**** Extracted material

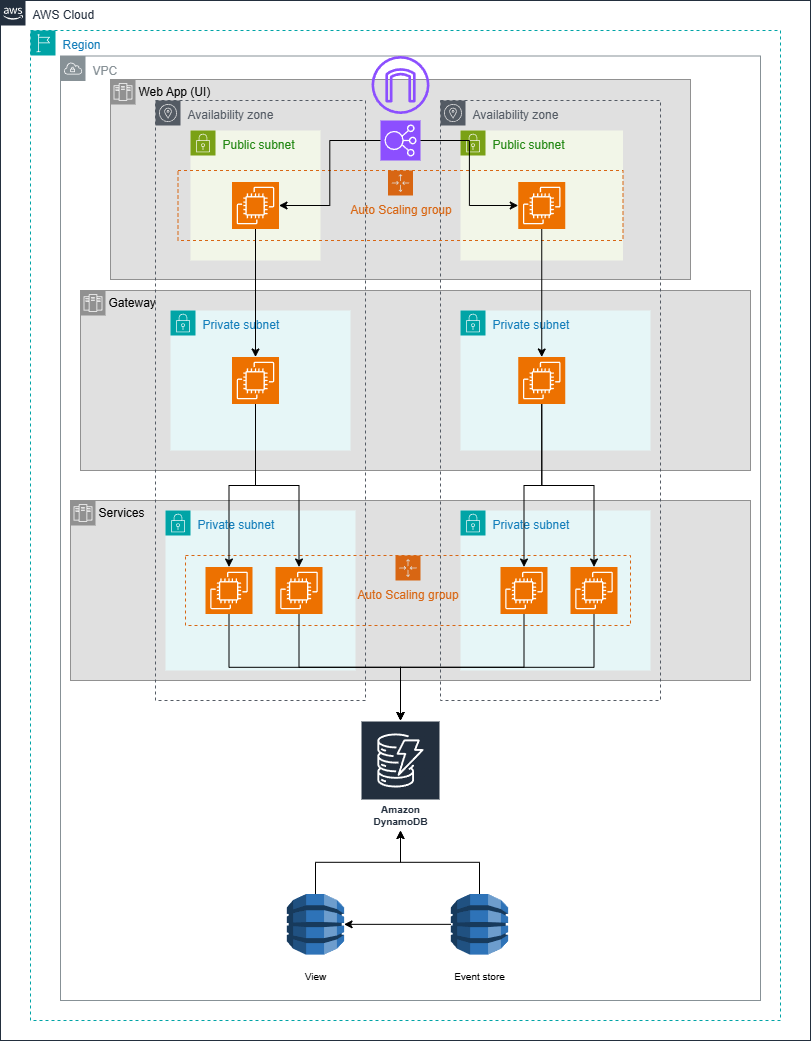

The diagram above was exported from draw.io. Its source (the exported page's mxGraphModel, read from the mxfile embedded in the PNG):
<mxGraphModel dx="886" dy="790" grid="1" gridSize="10" guides="1" tooltips="1" connect="1" arrows="1" fold="1" page="1" pageScale="1" pageWidth="850" pageHeight="1100" math="0" shadow="0">
  <root>
    <mxCell id="0" />
    <mxCell id="1" parent="0" />
    <mxCell id="fwiJji2p6eVQaNWU5b2g-28" value="VPC" style="sketch=0;outlineConnect=0;gradientColor=none;html=1;whiteSpace=wrap;fontSize=12;fontStyle=0;shape=mxgraph.aws4.group;grIcon=mxgraph.aws4.group_vpc;strokeColor=#879196;fillColor=none;verticalAlign=top;align=left;spacingLeft=30;fontColor=#879196;dashed=0;movable=1;resizable=1;rotatable=1;deletable=1;editable=1;locked=0;connectable=1;" vertex="1" parent="1">
      <mxGeometry x="200" y="75.5" width="700" height="944.5" as="geometry" />
    </mxCell>
    <mxCell id="fwiJji2p6eVQaNWU5b2g-77" value="Web App (UI)" style="shape=mxgraph.ibm.box;prType=zone;fontStyle=0;verticalAlign=top;align=left;spacingLeft=32;spacingTop=4;fillColor=#E0E0E0;rounded=0;whiteSpace=wrap;html=1;strokeColor=#919191;strokeWidth=1;dashed=0;container=1;spacing=-4;collapsible=0;expand=0;recursiveResize=0;" vertex="1" parent="1">
      <mxGeometry x="250" y="99" width="580" height="200" as="geometry" />
    </mxCell>
    <mxCell id="fwiJji2p6eVQaNWU5b2g-75" value="Gateway" style="shape=mxgraph.ibm.box;prType=zone;fontStyle=0;verticalAlign=top;align=left;spacingLeft=32;spacingTop=4;fillColor=#E0E0E0;rounded=0;whiteSpace=wrap;html=1;strokeColor=#919191;strokeWidth=1;dashed=0;container=1;spacing=-4;collapsible=0;expand=0;recursiveResize=0;" vertex="1" parent="1">
      <mxGeometry x="220" y="310" width="670" height="180" as="geometry" />
    </mxCell>
    <mxCell id="fwiJji2p6eVQaNWU5b2g-76" value="Services" style="shape=mxgraph.ibm.box;prType=zone;fontStyle=0;verticalAlign=top;align=left;spacingLeft=32;spacingTop=4;fillColor=#E0E0E0;rounded=0;whiteSpace=wrap;html=1;strokeColor=#919191;strokeWidth=1;dashed=0;container=1;spacing=-4;collapsible=0;expand=0;recursiveResize=0;" vertex="1" parent="1">
      <mxGeometry x="210" y="520" width="680" height="180" as="geometry" />
    </mxCell>
    <mxCell id="fwiJji2p6eVQaNWU5b2g-67" value="Availability zone" style="sketch=0;outlineConnect=0;gradientColor=none;html=1;whiteSpace=wrap;fontSize=12;fontStyle=0;shape=mxgraph.aws4.group;grIcon=mxgraph.aws4.group_availability_zone;strokeColor=#545B64;fillColor=none;verticalAlign=top;align=left;spacingLeft=30;fontColor=#545B64;dashed=1;" vertex="1" parent="1">
      <mxGeometry x="580" y="120" width="220" height="600" as="geometry" />
    </mxCell>
    <mxCell id="fwiJji2p6eVQaNWU5b2g-66" value="Availability zone" style="sketch=0;outlineConnect=0;gradientColor=none;html=1;whiteSpace=wrap;fontSize=12;fontStyle=0;shape=mxgraph.aws4.group;grIcon=mxgraph.aws4.group_availability_zone;strokeColor=#545B64;fillColor=none;verticalAlign=top;align=left;spacingLeft=30;fontColor=#545B64;dashed=1;" vertex="1" parent="1">
      <mxGeometry x="295" y="120" width="210" height="600" as="geometry" />
    </mxCell>
    <mxCell id="fwiJji2p6eVQaNWU5b2g-69" value="AWS Cloud" style="points=[[0,0],[0.25,0],[0.5,0],[0.75,0],[1,0],[1,0.25],[1,0.5],[1,0.75],[1,1],[0.75,1],[0.5,1],[0.25,1],[0,1],[0,0.75],[0,0.5],[0,0.25]];outlineConnect=0;gradientColor=none;html=1;whiteSpace=wrap;fontSize=12;fontStyle=0;container=1;pointerEvents=0;collapsible=0;recursiveResize=0;shape=mxgraph.aws4.group;grIcon=mxgraph.aws4.group_aws_cloud_alt;strokeColor=#232F3E;fillColor=none;verticalAlign=top;align=left;spacingLeft=30;fontColor=#232F3E;dashed=0;movable=1;resizable=1;rotatable=1;deletable=1;editable=1;locked=0;connectable=1;" vertex="1" parent="1">
      <mxGeometry x="140" y="20" width="810" height="1040" as="geometry" />
    </mxCell>
    <mxCell id="fwiJji2p6eVQaNWU5b2g-42" value="Private subnet" style="points=[[0,0],[0.25,0],[0.5,0],[0.75,0],[1,0],[1,0.25],[1,0.5],[1,0.75],[1,1],[0.75,1],[0.5,1],[0.25,1],[0,1],[0,0.75],[0,0.5],[0,0.25]];outlineConnect=0;gradientColor=none;html=1;whiteSpace=wrap;fontSize=12;fontStyle=0;container=1;pointerEvents=0;collapsible=0;recursiveResize=0;shape=mxgraph.aws4.group;grIcon=mxgraph.aws4.group_security_group;grStroke=0;strokeColor=#00A4A6;fillColor=#E6F6F7;verticalAlign=top;align=left;spacingLeft=30;fontColor=#147EBA;dashed=0;" vertex="1" parent="1">
      <mxGeometry x="600" y="530" width="190" height="160" as="geometry" />
    </mxCell>
    <mxCell id="fwiJji2p6eVQaNWU5b2g-43" value="" style="sketch=0;points=[[0,0,0],[0.25,0,0],[0.5,0,0],[0.75,0,0],[1,0,0],[0,1,0],[0.25,1,0],[0.5,1,0],[0.75,1,0],[1,1,0],[0,0.25,0],[0,0.5,0],[0,0.75,0],[1,0.25,0],[1,0.5,0],[1,0.75,0]];outlineConnect=0;fontColor=#232F3E;fillColor=#ED7100;strokeColor=#ffffff;dashed=0;verticalLabelPosition=bottom;verticalAlign=top;align=center;html=1;fontSize=12;fontStyle=0;aspect=fixed;shape=mxgraph.aws4.resourceIcon;resIcon=mxgraph.aws4.ec2;" vertex="1" parent="fwiJji2p6eVQaNWU5b2g-42">
      <mxGeometry x="40" y="56.5" width="47" height="47" as="geometry" />
    </mxCell>
    <mxCell id="fwiJji2p6eVQaNWU5b2g-44" value="" style="sketch=0;points=[[0,0,0],[0.25,0,0],[0.5,0,0],[0.75,0,0],[1,0,0],[0,1,0],[0.25,1,0],[0.5,1,0],[0.75,1,0],[1,1,0],[0,0.25,0],[0,0.5,0],[0,0.75,0],[1,0.25,0],[1,0.5,0],[1,0.75,0]];outlineConnect=0;fontColor=#232F3E;fillColor=#ED7100;strokeColor=#ffffff;dashed=0;verticalLabelPosition=bottom;verticalAlign=top;align=center;html=1;fontSize=12;fontStyle=0;aspect=fixed;shape=mxgraph.aws4.resourceIcon;resIcon=mxgraph.aws4.ec2;" vertex="1" parent="fwiJji2p6eVQaNWU5b2g-42">
      <mxGeometry x="110" y="56.5" width="47" height="47" as="geometry" />
    </mxCell>
    <mxCell id="fwiJji2p6eVQaNWU5b2g-45" value="Public subnet" style="points=[[0,0],[0.25,0],[0.5,0],[0.75,0],[1,0],[1,0.25],[1,0.5],[1,0.75],[1,1],[0.75,1],[0.5,1],[0.25,1],[0,1],[0,0.75],[0,0.5],[0,0.25]];outlineConnect=0;gradientColor=none;html=1;whiteSpace=wrap;fontSize=12;fontStyle=0;container=1;pointerEvents=0;collapsible=0;recursiveResize=0;shape=mxgraph.aws4.group;grIcon=mxgraph.aws4.group_security_group;grStroke=0;strokeColor=#7AA116;fillColor=#F2F6E8;verticalAlign=top;align=left;spacingLeft=30;fontColor=#248814;dashed=0;" vertex="1" parent="1">
      <mxGeometry x="330" y="150" width="130" height="130" as="geometry" />
    </mxCell>
    <mxCell id="fwiJji2p6eVQaNWU5b2g-47" value="Private subnet" style="points=[[0,0],[0.25,0],[0.5,0],[0.75,0],[1,0],[1,0.25],[1,0.5],[1,0.75],[1,1],[0.75,1],[0.5,1],[0.25,1],[0,1],[0,0.75],[0,0.5],[0,0.25]];outlineConnect=0;gradientColor=none;html=1;whiteSpace=wrap;fontSize=12;fontStyle=0;container=1;pointerEvents=0;collapsible=0;recursiveResize=0;shape=mxgraph.aws4.group;grIcon=mxgraph.aws4.group_security_group;grStroke=0;strokeColor=#00A4A6;fillColor=#E6F6F7;verticalAlign=top;align=left;spacingLeft=30;fontColor=#147EBA;dashed=0;" vertex="1" parent="1">
      <mxGeometry x="305" y="530" width="190" height="160" as="geometry" />
    </mxCell>
    <mxCell id="fwiJji2p6eVQaNWU5b2g-48" value="" style="sketch=0;points=[[0,0,0],[0.25,0,0],[0.5,0,0],[0.75,0,0],[1,0,0],[0,1,0],[0.25,1,0],[0.5,1,0],[0.75,1,0],[1,1,0],[0,0.25,0],[0,0.5,0],[0,0.75,0],[1,0.25,0],[1,0.5,0],[1,0.75,0]];outlineConnect=0;fontColor=#232F3E;fillColor=#ED7100;strokeColor=#ffffff;dashed=0;verticalLabelPosition=bottom;verticalAlign=top;align=center;html=1;fontSize=12;fontStyle=0;aspect=fixed;shape=mxgraph.aws4.resourceIcon;resIcon=mxgraph.aws4.ec2;" vertex="1" parent="fwiJji2p6eVQaNWU5b2g-47">
      <mxGeometry x="40" y="56.5" width="47" height="47" as="geometry" />
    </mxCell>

********

▶ [Work instruction] Would you count the lines in the entries that hold "aspect" and reply with only the count?

▶ [Expected answer] 3